Two Biotech Catalysts That May Be Cancelled With Government Shutdown Print E-mail
By Brian Wilson-Lead Contributor   
Wednesday, 02 October 2013 07:35
While the market hasn’t reacted dramatically to the events unfolding in Washington, the shutdown of various US government entities directly affects pharmaceutical developers that are relying on action from the FDA in the near term.  This situation will essentially delay or cancel catalysts that should have created opportunity for binary events in particular biotech stocks.

It seems that there may be a delay in the scheduled PDUFA goal date for Pfizer (PFE) and Ligand Pharmaceuticals’ (LGND) NDA for their bazedoxifene/conjugated estrogens (BZA/CE) for the preventative treatment of postmenopausal osteoporosis and for the treatment of modern to severe vascomotor symptoms (VMS) and vulvar and vaginal atrophy (VVA) associated with menopause.  The original scheduled PDUFA date, which would provide the official FDA decision on its approval, may be delayed due to the partial shutdown of the government.

While approval will be a positive for the company, it’s worth noting that Ligand Pharmaceuticals appears to have already priced everything in with its 120% rally since the start of the year. A complete response letter (CRL) is unlikely, but potentially damaging to LGND due to the royalty payments that the company would not receive if the product is not marketed in the US. Pfizer, with its $191 BB market capitalization, should barely see any movement.

The same problem has been introduced to the Amarin Corp. (NASDAQ: AMRN) trade due to the ongoing government shutdown. As Amarin traders know, the company is scheduled for an advisory committee meeting on October 16th, 2013 for its flagship drug Vascepa (icosapent ethyl). The panel will hold a vote on the approvability of Vascepa in a new indication (the ANCHOR indication), which should influence the final decision for the FDA to approve or reject the current sNDA. If approved, Vascepa will be approved for use in patients with triglyceride levels between 200-500 mg/dL.

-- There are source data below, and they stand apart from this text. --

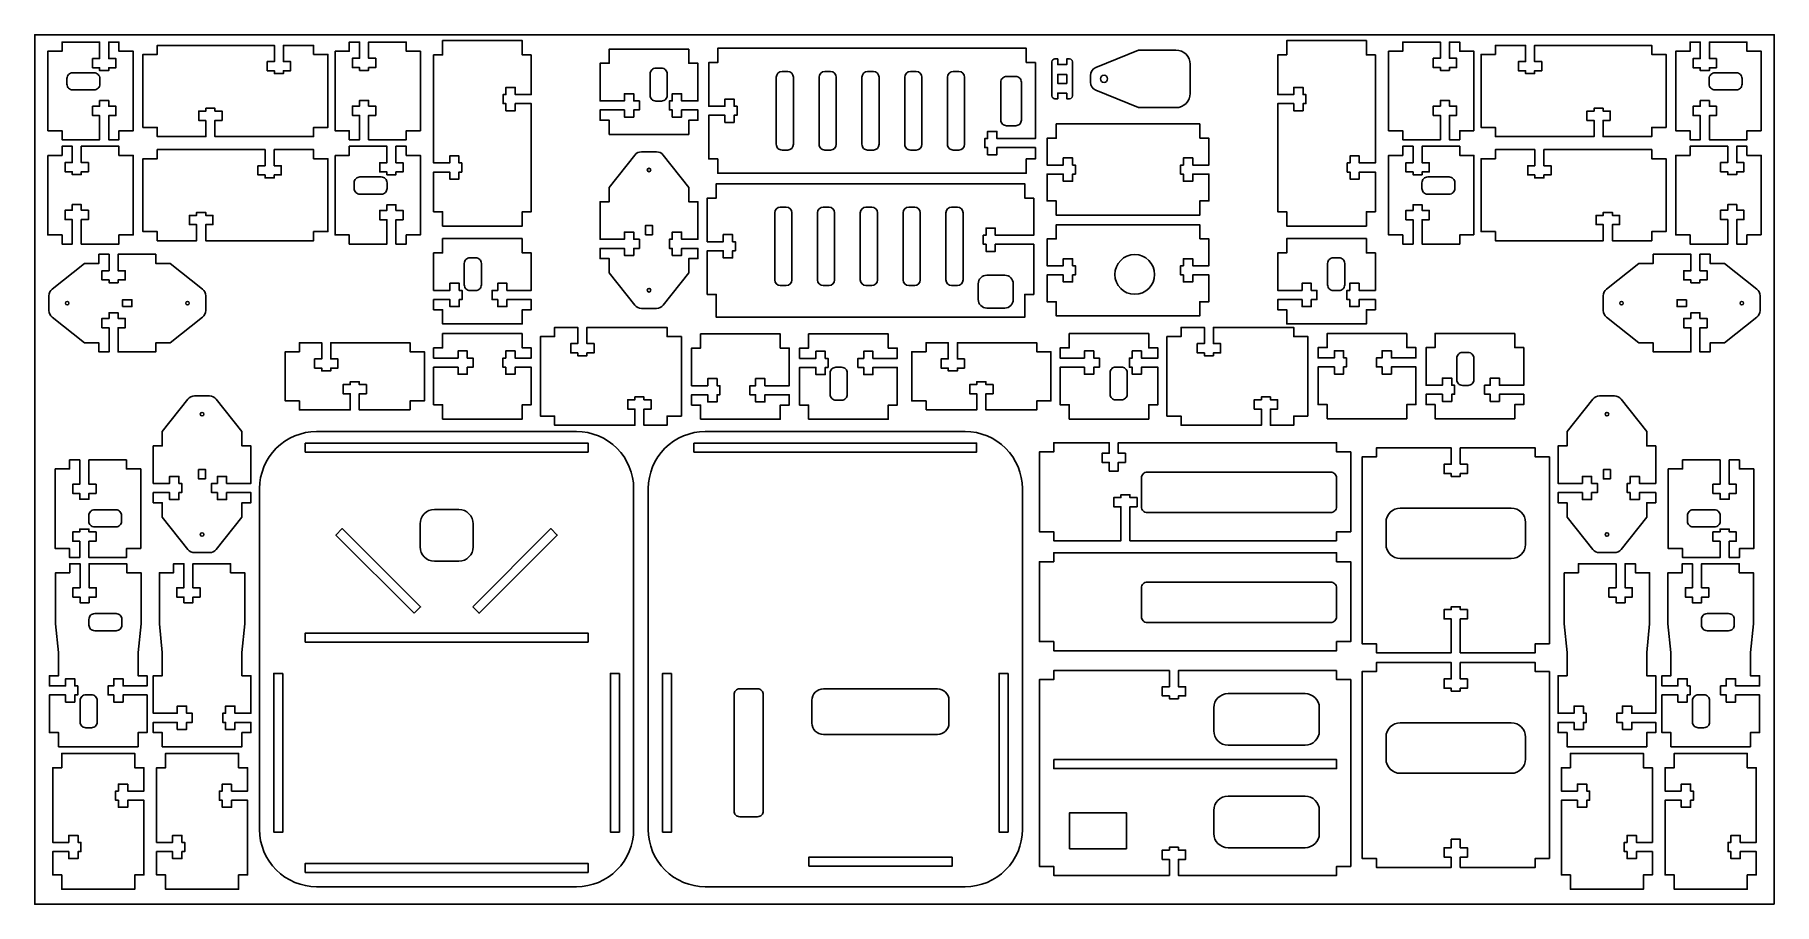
# Model space of a CAD drawing. Extents: x -305 to 305, y -151 to 154.
import ezdxf

# ---------------------------------------------------------------- set-up
doc = ezdxf.new("R2010")
doc.units = 0
doc.layers.add('TRANSPARENT', color=5, linetype='CONTINUOUS')

msp = doc.modelspace()

# ---------------------------------------------------------------- linework, layer by layer
at = {"layer": 'TRANSPARENT'}
for points in [[(304.8, -150.81), (-304.8, -150.81), (-304.8, 153.99), (304.8, 153.99)], [(-300.25, 120.34), (-300.25, 148.24), (-295.25, 148.24), (-295.25, 151.41), (-282.07, 151.41), (-282.07, 145.67), (-284.57, 145.67), (-284.57, 142.42), (-282.07, 142.42), (-282.07, 141.42), (-278.89, 141.42), (-278.89, 142.42), (-276.39, 142.42), (-276.39, 145.67), (-278.89, 145.67), (-278.89, 151.41), (-275.31, 151.41), (-275.31, 148.24), (-270.31, 148.24), (-270.31, 120.34), (-275.31, 120.34), (-275.31, 117.16), (-278.89, 117.16), (-278.89, 125.68), (-276.39, 125.68), (-276.39, 128.93), (-278.89, 128.93), (-278.89, 130.93), (-282.07, 130.93), (-282.07, 128.93), (-284.57, 128.93), (-284.57, 125.68), (-282.07, 125.68), (-282.07, 117.16), (-295.25, 117.16), (-295.25, 120.34)], [(-244.83, 123.96), (-247.33, 123.96), (-247.33, 127.21), (-244.83, 127.21), (-244.83, 128.21), (-241.66, 128.21), (-241.66, 127.21), (-239.16, 127.21), (-239.16, 123.96), (-241.66, 123.96), (-241.66, 118.32), (-207.08, 118.32), (-207.08, 121.49), (-202.08, 121.49), (-202.08, 147.08), (-207.08, 147.08), (-207.08, 150.25), (-217.66, 150.25), (-217.66, 144.61), (-215.16, 144.61), (-215.16, 141.36), (-217.66, 141.36), (-217.66, 140.36), (-220.83, 140.36), (-220.83, 141.36), (-223.33, 141.36), (-223.33, 144.61), (-220.83, 144.61), (-220.83, 150.25), (-261.9, 150.25), (-261.9, 147.08), (-266.9, 147.08), (-266.9, 121.49), (-261.9, 121.49), (-261.9, 118.32), (-244.83, 118.32)], [(-199.58, 148.24), (-199.58, 120.34), (-194.58, 120.34), (-194.58, 117.16), (-191, 117.16), (-191, 125.74), (-193.5, 125.74), (-193.5, 128.99), (-191, 128.99), (-191, 130.99), (-187.82, 130.99), (-187.82, 128.99), (-185.32, 128.99), (-185.32, 125.74), (-187.82, 125.74), (-187.82, 117.16), (-174.64, 117.16), (-174.64, 120.34), (-169.64, 120.34), (-169.64, 148.24), (-174.64, 148.24), (-174.64, 151.41), (-187.82, 151.41), (-187.82, 145.73), (-185.32, 145.73), (-185.32, 142.48), (-187.82, 142.48), (-187.82, 141.48), (-191, 141.48), (-191, 142.48), (-193.5, 142.48), (-193.5, 145.73), (-191, 145.73), (-191, 151.41), (-194.58, 151.41), (-194.58, 148.24)], [(-130.79, 146.95), (-133.96, 146.95), (-133.96, 151.95), (-161.86, 151.95), (-161.86, 146.95), (-165.04, 146.95), (-165.04, 109.04), (-159.39, 109.04), (-159.39, 111.54), (-156.14, 111.54), (-156.14, 109.04), (-155.14, 109.04), (-155.14, 105.87), (-156.14, 105.87), (-156.14, 103.37), (-159.39, 103.37), (-159.39, 105.87), (-165.04, 105.87), (-165.04, 91.95), (-161.86, 91.95), (-161.86, 86.95), (-133.96, 86.95), (-133.96, 91.95), (-130.79, 91.95), (-130.79, 129.87), (-136.43, 129.87), (-136.43, 127.37), (-139.68, 127.37), (-139.68, 129.87), (-140.68, 129.87), (-140.68, 133.04), (-139.68, 133.04), (-139.68, 135.54), (-136.43, 135.54), (-136.43, 133.04), (-130.79, 133.04)], [(-75.59, 148.99), (-103.49, 148.99), (-103.49, 143.99), (-106.66, 143.99), (-106.66, 130.8), (-98.14, 130.8), (-98.14, 133.3), (-94.89, 133.3), (-94.89, 130.8), (-92.89, 130.8), (-92.89, 127.63), (-94.89, 127.63), (-94.89, 125.13), (-98.14, 125.13), (-98.14, 127.63), (-106.66, 127.63), (-106.66, 124.05), (-103.49, 124.05), (-103.49, 119.05), (-75.59, 119.05), (-75.59, 124.05), (-72.41, 124.05), (-72.41, 127.63), (-78.15, 127.63), (-78.15, 125.13), (-81.4, 125.13), (-81.4, 127.63), (-82.4, 127.63), (-82.4, 130.8), (-81.4, 130.8), (-81.4, 133.3), (-78.15, 133.3), (-78.15, 130.8), (-72.41, 130.8), (-72.41, 143.99), (-75.59, 143.99)], [(42.68, 144.25), (42.68, 149.25), (-65.42, 149.25), (-65.42, 144.25), (-68.59, 144.25), (-68.59, 128.93), (-62.95, 128.93), (-62.95, 131.43), (-59.7, 131.43), (-59.7, 128.93), (-58.7, 128.93), (-58.7, 125.76), (-59.7, 125.76), (-59.7, 123.26), (-62.95, 123.26), (-62.95, 125.76), (-68.59, 125.76), (-68.59, 110.44), (-65.42, 110.44), (-65.42, 105.44), (42.68, 105.44), (42.68, 110.44), (45.86, 110.44), (45.86, 114.45), (32.38, 114.45), (32.38, 111.95), (29.13, 111.95), (29.13, 114.45), (28.13, 114.45), (28.13, 117.62), (29.13, 117.62), (29.13, 120.12), (32.38, 120.12), (32.38, 117.62), (45.86, 117.62), (45.86, 144.25)], [(133.96, 146.95), (130.79, 146.95), (130.79, 133.04), (136.43, 133.04), (136.43, 135.54), (139.68, 135.54), (139.68, 133.04), (140.68, 133.04), (140.68, 129.87), (139.68, 129.87), (139.68, 127.37), (136.43, 127.37), (136.43, 129.87), (130.79, 129.87), (130.79, 91.95), (133.96, 91.95), (133.96, 86.95), (161.86, 86.95), (161.86, 91.95), (165.04, 91.95), (165.04, 105.87), (159.39, 105.87), (159.39, 103.37), (156.14, 103.37), (156.14, 105.87), (155.14, 105.87), (155.14, 109.04), (156.14, 109.04), (156.14, 111.54), (159.39, 111.54), (159.39, 109.04), (165.04, 109.04), (165.04, 146.95), (161.86, 146.95), (161.86, 151.95), (133.96, 151.95)], [(199.58, 120.34), (199.58, 148.24), (194.58, 148.24), (194.58, 151.41), (191, 151.41), (191, 145.73), (193.5, 145.73), (193.5, 142.48), (191, 142.48), (191, 141.48), (187.82, 141.48), (187.82, 142.48), (185.32, 142.48), (185.32, 145.73), (187.82, 145.73), (187.82, 151.41), (174.64, 151.41), (174.64, 148.24), (169.64, 148.24), (169.64, 120.34), (174.64, 120.34), (174.64, 117.16), (187.82, 117.16), (187.82, 125.74), (185.32, 125.74), (185.32, 128.99), (187.82, 128.99), (187.82, 130.99), (191, 130.99), (191, 128.99), (193.5, 128.99), (193.5, 125.74), (191, 125.74), (191, 117.16), (194.58, 117.16), (194.58, 120.34)], [(247.33, 123.96), (244.83, 123.96), (244.83, 118.32), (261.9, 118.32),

Although the adcom meeting does not guarantee any results with the final FDA decision (due on December 20, 2013), investors on both sides of the Amarin trade have been heavily debating the approvability of Vascepa into this expanded indication. Also important is the cardiovascular risk portion of the indication, which significantly expands Vascepa’s prospects.

Options activity in AMRN was very hot – particularly in the October ’13 and November ’13 contracts. The general implication is that investors were expecting a big move in AMRN as a result of the October 16th adcom meeting. The October ’13 contracts, which expire on October 19th, would have been perfect for an adcom-related play since they would expire right after the meeting.

However, it seems that many heavy speculators have lost their appetite for AMRN due to the possibility of a cancellation of the adcom. This provides an interesting opportunity for investors who believe that the meeting will actually take place, since options have gotten cheaper. The overall sentiment of the adcom panel and the extent of the move in AMRN is still hard to predict at this point, although it has become less expensive to make a play on volatility in this stock.